Breaking News: House votes to enact credit card reform immediately
The House voted today to hasten the enactment of fresh rules for credit card companies after constituents complained of a drastic rise in interest rates and steep new fees.
The bill, approved 331-92, will force credit card companies to meet the terms of the new rules at once unless they agree to stop increasing interest rates and fees.
The bills chances in the Senate are weak; where several Senators worry that a short deadline would hurt the industry and limit the availability of already scare credit.
All the same, Wall Street seemed to take notice of the House’s vote, sending bank stocks tumbling in the last hour of trading today immediately following the House vote
Rep. Barney Frank, D-Mass., the chairman of the House Financial Services Committee, was quoting as saying “This is both real and a lesson to them”. Many feel this is a warning to the banks to back off their predatory practices.

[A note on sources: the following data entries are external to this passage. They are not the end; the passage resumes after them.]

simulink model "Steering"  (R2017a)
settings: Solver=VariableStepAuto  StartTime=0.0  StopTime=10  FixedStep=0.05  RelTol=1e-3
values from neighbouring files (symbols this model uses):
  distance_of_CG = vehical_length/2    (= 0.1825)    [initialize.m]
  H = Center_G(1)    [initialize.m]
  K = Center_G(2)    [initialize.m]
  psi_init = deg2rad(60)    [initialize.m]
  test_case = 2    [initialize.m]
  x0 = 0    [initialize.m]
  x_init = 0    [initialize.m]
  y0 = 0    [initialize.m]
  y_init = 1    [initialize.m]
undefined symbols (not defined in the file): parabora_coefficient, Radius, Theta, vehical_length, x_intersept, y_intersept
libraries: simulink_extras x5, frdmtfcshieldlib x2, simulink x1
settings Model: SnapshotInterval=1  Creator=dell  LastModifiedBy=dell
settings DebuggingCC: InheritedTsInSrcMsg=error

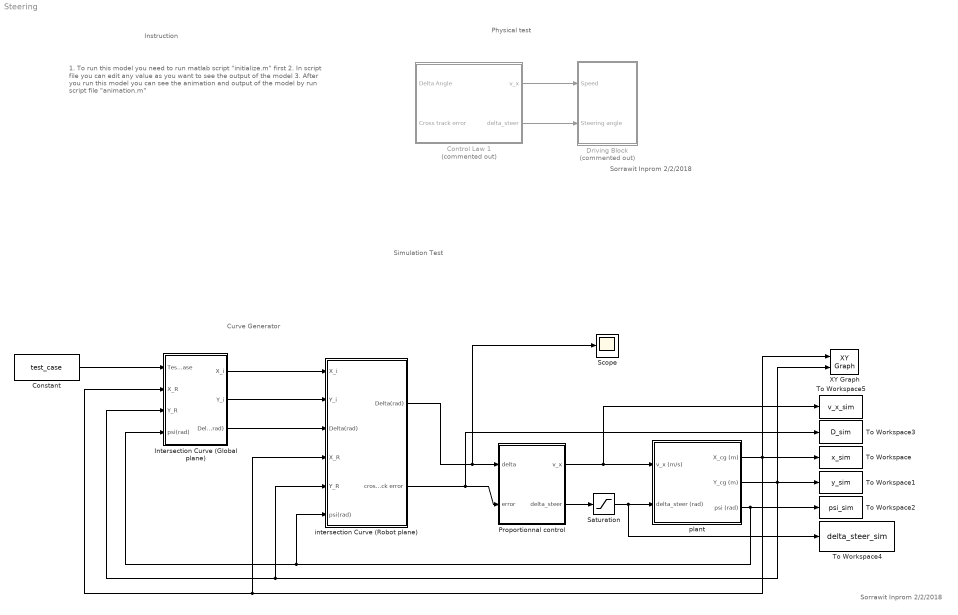
== system Steering ==
  note: Sorrawit Inprom
      | 2/2/2018
  note: Curve Generator
  note: Simulation Test
  note: Physical test
  note: Sorrawit Inprom
      | 2/2/2018
  note: Instruction
  note: 1. To run this model you need to run matlab script "initialize.m" first
      |
      | 2. In script file you can edit any value as you want to see the output of the model
      |
      | 3. After you run this model you can see the animation and output of the model by run script file "animation.m"
  Constant : Constant  Value=test_case
  Control Law 1 : Subsystem  Commented=on
  Driving Block : Subsystem  Commented=on
  Intersection Curve (Global plane) : Subsystem
  Proportionnal control : Subsystem
  Saturation : Saturate  UpperLimit=deg2rad(25)  LowerLimit=-deg2rad(25)
  Scope : Scope
  To Workspace : ToWorkspace  VariableName=x_sim  SaveFormat=Timeseries  SampleTime=-1
  To Workspace1 : ToWorkspace  VariableName=y_sim  SaveFormat=Timeseries  SampleTime=-1
  To Workspace2 : ToWorkspace  VariableName=psi_sim  SaveFormat=Timeseries  SampleTime=-1
  To Workspace3 : ToWorkspace  VariableName=D_sim  SaveFormat=Timeseries  SampleTime=-1
  To Workspace4 : ToWorkspace  VariableName=delta_steer_sim  SaveFormat=Timeseries  SampleTime=-1
  To Workspace5 : ToWorkspace  VariableName=v_x_sim  SaveFormat=Timeseries  SampleTime=-1
  XY Graph : simulink/Sinks/XY Graph  xmin=-5  xmax=5  ymin=-5  ymax=5  st=-1
  intersection Curve (Robot plane) : Subsystem
  plant : Subsystem  mask{vehicle_length=vehical_length, distance_of_CG=distance_of_CG}
      mask prompts: vehicle_length "length"; distance_of_CG "CG"
  wires:
  plant/1(X_cg (m)) -> XY Graph/1, To Workspace/1, intersection Curve (Robot plane)/4(X_R), Intersection Curve (Global plane)/2(X_R)
  plant/2(Y_cg (m)) -> XY Graph/2, To Workspace1/1, intersection Curve (Robot plane)/5(Y_R), Intersection Curve (Global plane)/3(Y_R)
  intersection Curve (Robot plane)/2(cross track error) -> To Workspace3/1, Proportionnal control/2(error)
  Proportionnal control/1(v_x) -> To Workspace5/1, plant/1(v_x (m/s))
  plant/3(psi (rad)) -> intersection Curve (Robot plane)/6(psi(rad)), Intersection Curve (Global plane)/4(psi(rad)), To Workspace2/1
  Constant/1 -> Intersection Curve (Global plane)/1(Test case)
  Intersection Curve (Global plane)/1("X_i ") -> intersection Curve (Robot plane)/1(X_i)
  Intersection Curve (Global plane)/2(Y_i) -> intersection Curve (Robot plane)/2(Y_i)
  Intersection Curve (Global plane)/3(Delta(rad)) -> intersection Curve (Robot plane)/3(Delta(rad))
  Saturation/1 -> To Workspace4/1, plant/2(delta_steer (rad))
  Proportionnal control/2(delta_steer) -> Saturation/1
  intersection Curve (Robot plane)/1("Delta(rad) ") -> Scope/1, Proportionnal control/1(delta)
  Control Law 1/1(v_x) -> Driving Block/1(Speed)
  Control Law 1/2(delta_steer) -> Driving Block/2(Steering angle)

== system Steering/Control Law 1 ==
  Delta Angle : Inport
  Cross track error : Inport  Port=2
  Abs : Abs
  Constant : Constant  Value=2
  Constant1 : Constant  Commented=on  Value=[0 ; 0]
  Divide : Product  Inputs=/
  Kp : Gain  Gain=5
  Kv : Gain
  Multiport Switch : MultiPortSwitch  Commented=on  DataPortOrder=Zero-based contiguous  Inputs=2  DataPortForDefault=Additional data port
  Sum : Sum  Inputs=|++
  Sum1 : Sum  Inputs=|++
  v_x : Outport  SampleTime=0.05
  delta_steer : Outport  Port=2  SampleTime=0.05
  wires:
  Constant/1 -> Sum/2
  Sum/1 -> Divide/1
  Constant1/1 -> Multiport Switch/2
  Divide/1 -> v_x/1
  Abs/1 -> Kv/1
  Kv/1 -> Sum/1
  Kp/1 -> delta_steer/1
  Delta Angle/1 -> Sum1/2
  Cross track error/1 -> Sum1/1, Abs/1
  Sum1/1 -> Kp/1

== system Steering/Driving Block ==
  Speed : Inport
  Steering angle : Inport  Port=2
  DC Motor : frdmtfcshieldlib/DC Motor  WhichMotor=A
      settings: SourceProductName=Simulink Coder Support Package for NXP FRDM-KL25Z Board  SourceProductBaseCode=EC_FREEDOM_BOARD
  Radians to Degrees1 : simulink_extras/Transformations/Radians to Degrees
  Saturation1 : Saturate  UpperLimit=20  LowerLimit=-20
  Servo Write : frdmtfcshieldlib/Servo Write  WhichServo=0  minAngle=-20.0  maxAngle=20.0
      settings: SourceProductName=Simulink Coder Support Package for NXP FRDM-KL25Z Board  SourceProductBaseCode=EC_FREEDOM_BOARD
  wires:
  Radians to Degrees1/1 -> Saturation1/1
  Saturation1/1 -> Servo Write/1
  Steering angle/1 -> Radians to Degrees1/1
  Speed/1 -> DC Motor/1

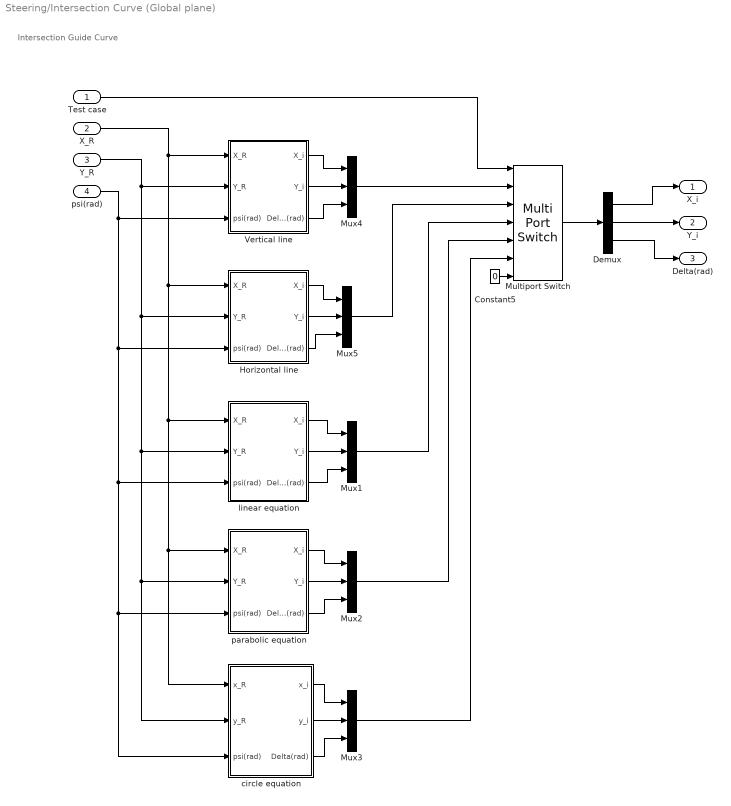
== system Steering/Intersection Curve (Global plane) ==
  note: Intersection Guide Curve
  Test case : Inport
  X_R : Inport  Port=2
  Y_R : Inport  Port=3
  psi(rad) : Inport  Port=4
  Constant5 : Constant  Value=0
  Demux : Demux  Outputs=3
  "Horizontal line " : Subsystem  mask{C=y_intersept}
      mask prompts: C "Y="
  Multiport Switch : MultiPortSwitch  DataPortOrder=Zero-based contiguous  Inputs=5  DataPortForDefault=Additional data port  DiagnosticForDefault=None
  Mux{1..5} (5 alike) : Mux  Inputs=3
  "Vertical line " : Subsystem  mask{C=x_intersept}
      mask prompts: C "X="
  circle equation : Subsystem  mask{H=H, K=K, r=Radius}
      mask prompts: H "Center_X"; K "Center_Y"; r "Radius"
  linear equation : Subsystem  mask{x0=x0, y0=y0, theta=Theta}
      mask prompts: theta "Theta(deg)"
  parabolic equation : Subsystem  mask{a=parabora_coefficient}
      mask prompts: a "Parabola characteristic"
  "X_i " : Outport
  Y_i : Outport  Port=2
  Delta(rad) : Outport  Port=3
  wires:
  psi(rad)/1 -> circle equation/3(psi(rad)), parabolic equation/3(psi(rad)), linear equation/3(psi(rad)), "Horizontal line "/3(psi(rad)), "Vertical line "/3(psi(rad))
  Y_R/1 -> circle equation/2(y_R), parabolic equation/2(Y_R), linear equation/2(Y_R), "Horizontal line "/2(Y_R), "Vertical line "/2(Y_R)
  Test case/1 -> Multiport Switch/1
  linear equation/3("Delta(rad) ") -> Mux1/3
  linear equation/1(X_i) -> Mux1/1
  Demux/2 -> Y_i/1
  Demux/1 -> "X_i "/1
  X_R/1 -> circle equation/1(x_R), parabolic equation/1(X_R), linear equation/1(X_R), "Horizontal line "/1(X_R), "Vertical line "/1(X_R)
  Multiport Switch/1 -> Demux/1
  Demux/3 -> Delta(rad)/1
  parabolic equation/1(X_i) -> Mux2/1
  parabolic equation/2(Y_i) -> Mux2/2
  parabolic equation/3("Delta(rad) ") -> Mux2/3
  linear equation/2(Y_i) -> Mux1/2
  circle equation/2(y_i) -> Mux3/2
  circle equation/1(x_i) -> Mux3/1
  circle equation/3(Delta(rad)) -> Mux3/3
  Constant5/1 -> Multiport Switch/7
  Mux1/1 -> Multiport Switch/4
  Mux2/1 -> Multiport Switch/5
  Mux3/1 -> Multiport Switch/6
  "Vertical line "/2(Y_i) -> Mux4/2
  "Vertical line "/1(X_i) -> Mux4/1
  "Vertical line "/3(Delta(rad)) -> Mux4/3
  "Horizontal line "/2(Y_i) -> Mux5/2
  "Horizontal line "/1(X_i) -> Mux5/1
  "Horizontal line "/3(Delta(rad)) -> Mux5/3
  Mux4/1 -> Multiport Switch/2
  Mux5/1 -> Multiport Switch/3

== system Steering/Proportionnal control ==
  delta : Inport
  error : Inport  Port=2
  Abs : Abs
  Constant : Constant  Value=0.5
  Constant1 : Constant  Commented=on  Value=[0 ; 0]
  Divide : Product  Inputs=/
  Kp : Gain  Gain=5
  Kv : Gain
  Multiport Switch : MultiPortSwitch  Commented=on  DataPortOrder=Zero-based contiguous  Inputs=2  DataPortForDefault=Additional data port
  Sum : Sum  Inputs=|++
  Sum1 : Sum  Inputs=|++
  v_x : Outport  SampleTime=0.1
  delta_steer : Outport  Port=2  SampleTime=0.05
  wires:
  Constant/1 -> Sum/2
  Sum/1 -> Divide/1
  Constant1/1 -> Multiport Switch/2
  Divide/1 -> v_x/1
  Abs/1 -> Kv/1
  Kv/1 -> Sum/1
  Kp/1 -> delta_steer/1
  delta/1 -> Sum1/2
  error/1 -> Sum1/1, Abs/1
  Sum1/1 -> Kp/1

The Credit Card Reform Act was signed into law earlier this year and was designed to protect consumers by regulating interest rate increases, the issuance of cards to people under 21, and the way information and what information is presented in communications from lenders. The downside was many in the Senate felt the rules were too harsh, so the banks were given 9 months to prepare for the changes. Instead they used the 9 months to wring consumers dry while it was still legal. Recent studies have shove that interest rates have risen by 20% in the past year on average. It seems odd that the banks argued that they needed months to enact the new rules, but have the business agility to enact rate increases and credit limit reductions almost instantaneously.